::: DATA

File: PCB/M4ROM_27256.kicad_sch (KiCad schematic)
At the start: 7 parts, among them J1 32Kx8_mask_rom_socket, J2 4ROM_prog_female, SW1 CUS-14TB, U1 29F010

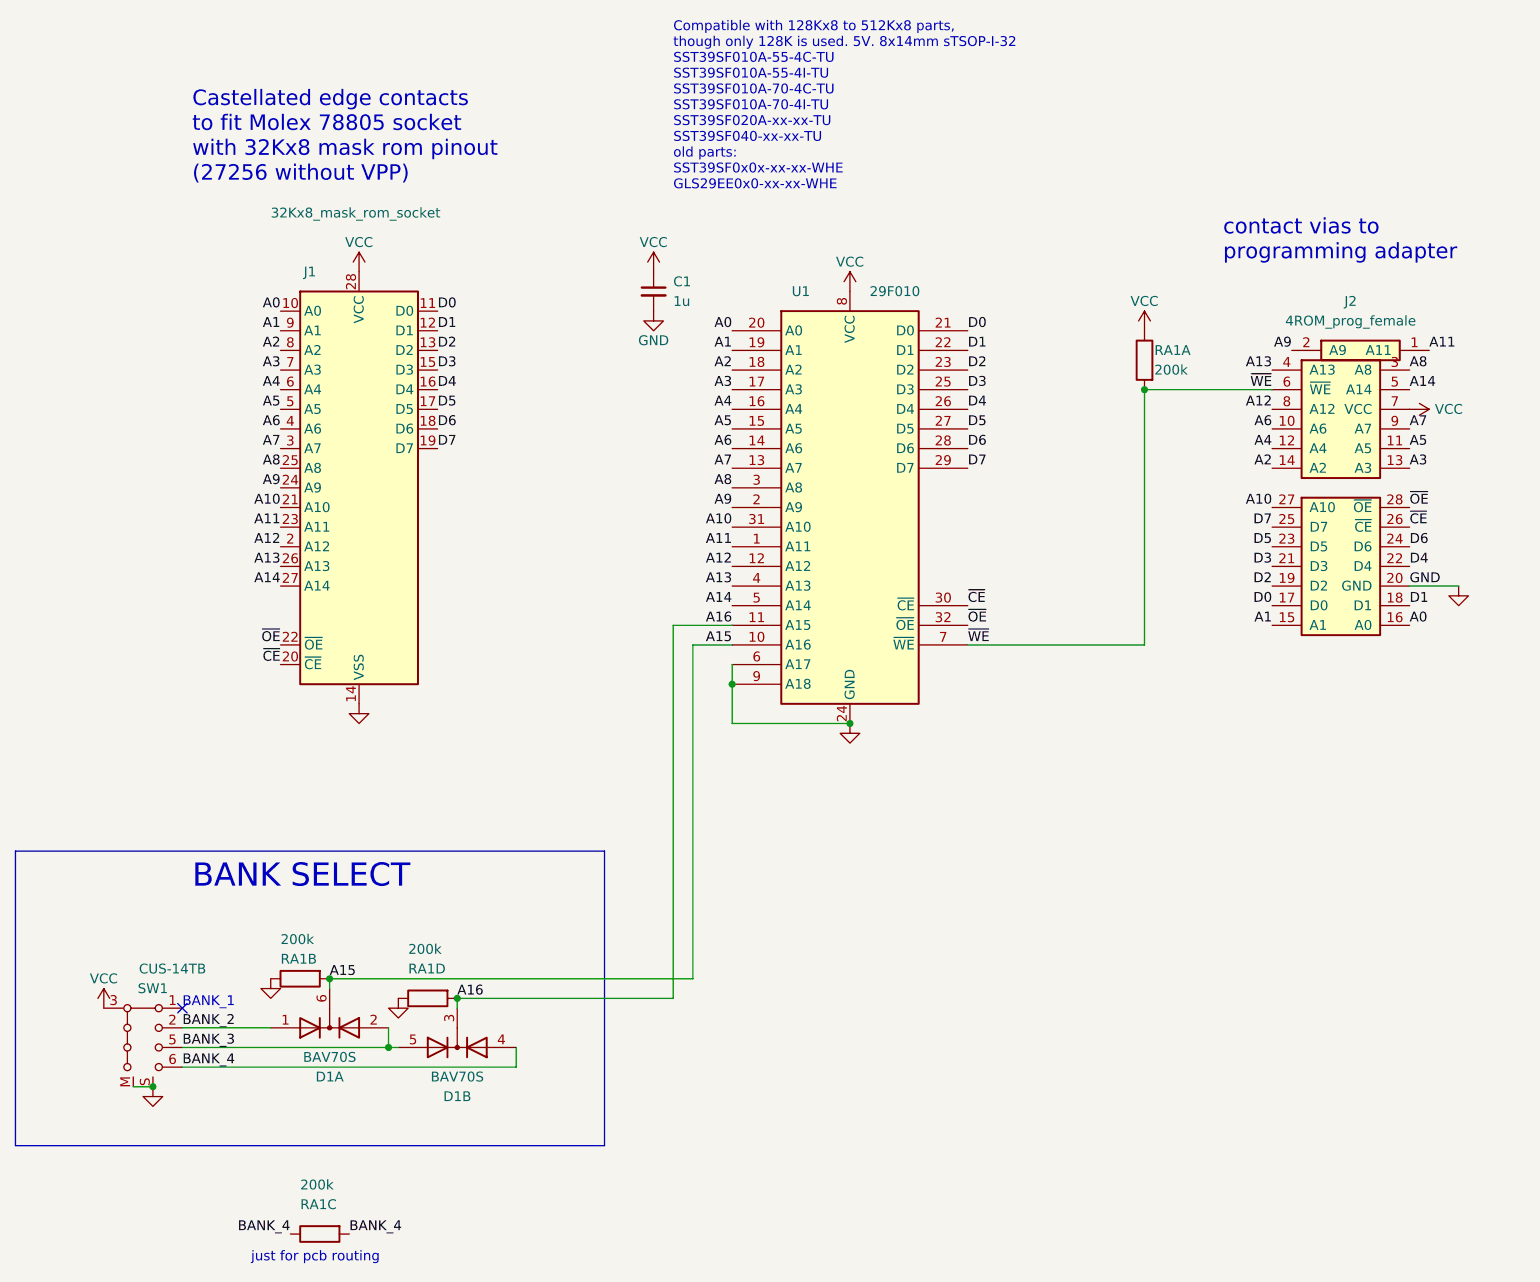
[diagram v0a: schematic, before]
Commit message: simpler diodes
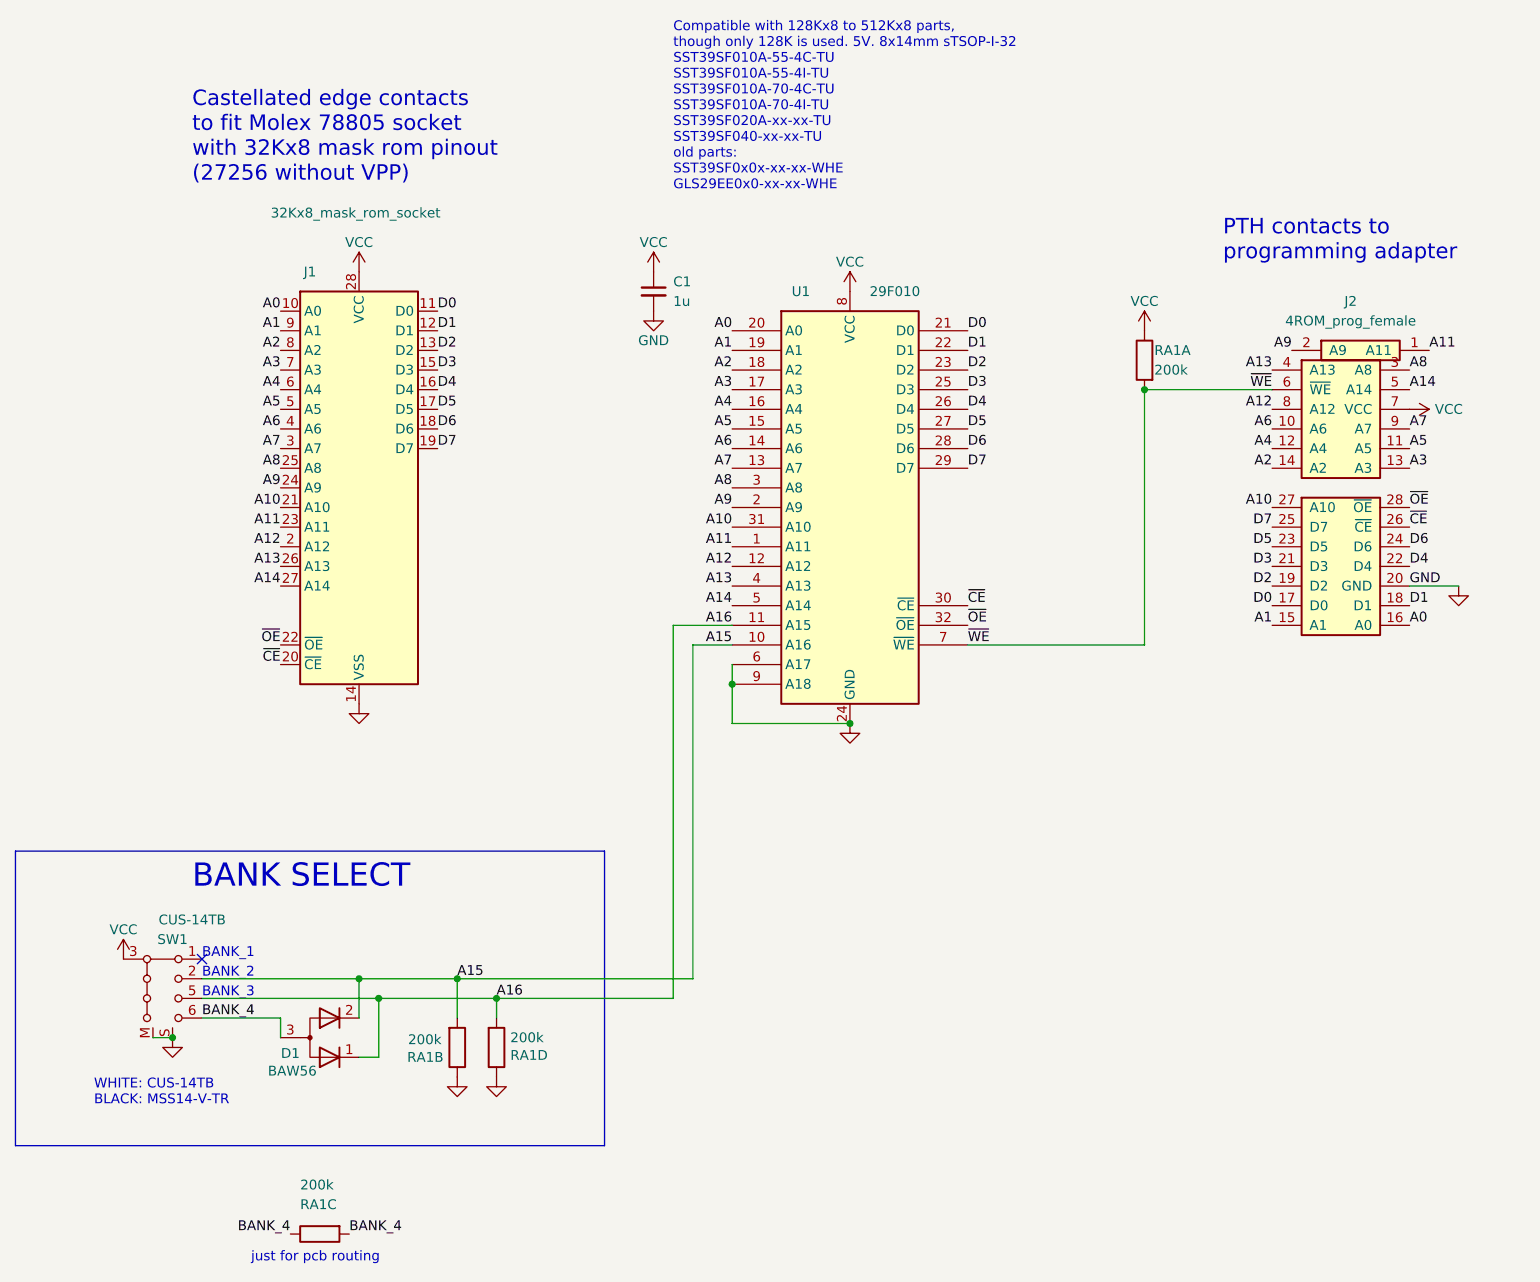
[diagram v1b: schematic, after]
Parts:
- removed D1: BAV70S, 000_LOCAL:TSSOP-6-symmetric, symbol 000_LOCAL:BAV70S
- added D1: BAW56, 000_LOCAL:SOT-23, symbol 000_LOCAL:D_Dual_CommonAnode_KKA_Parallel
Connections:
- net BANK_2 is gone; now on net A15: SW1.2
- net BANK_3 is gone; now on net A16: SW1.5
- net A15: now also D1.2 (K)
- net A16: now also D1.1 (K)
- net BANK_4: now also D1.3 (A)
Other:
- note added: "BANK_2"
- note added: "BANK_3"
- note added: "PTH contacts to programming adapter"
- note added: "WHITE: CUS-14TB BLACK: MSS14-V-TR"
- note removed: "contact vias to programming adapter"
- moved on the sheet: RA1B, RA1D, SW1

::::::

**WHAT YOU ARE ASKED TO DO:**
The expected answer is every line above in which the word "diagram" appears.

**ANSWER AREA:**
[diagram v0a: schematic, before]
[diagram v1b: schematic, after]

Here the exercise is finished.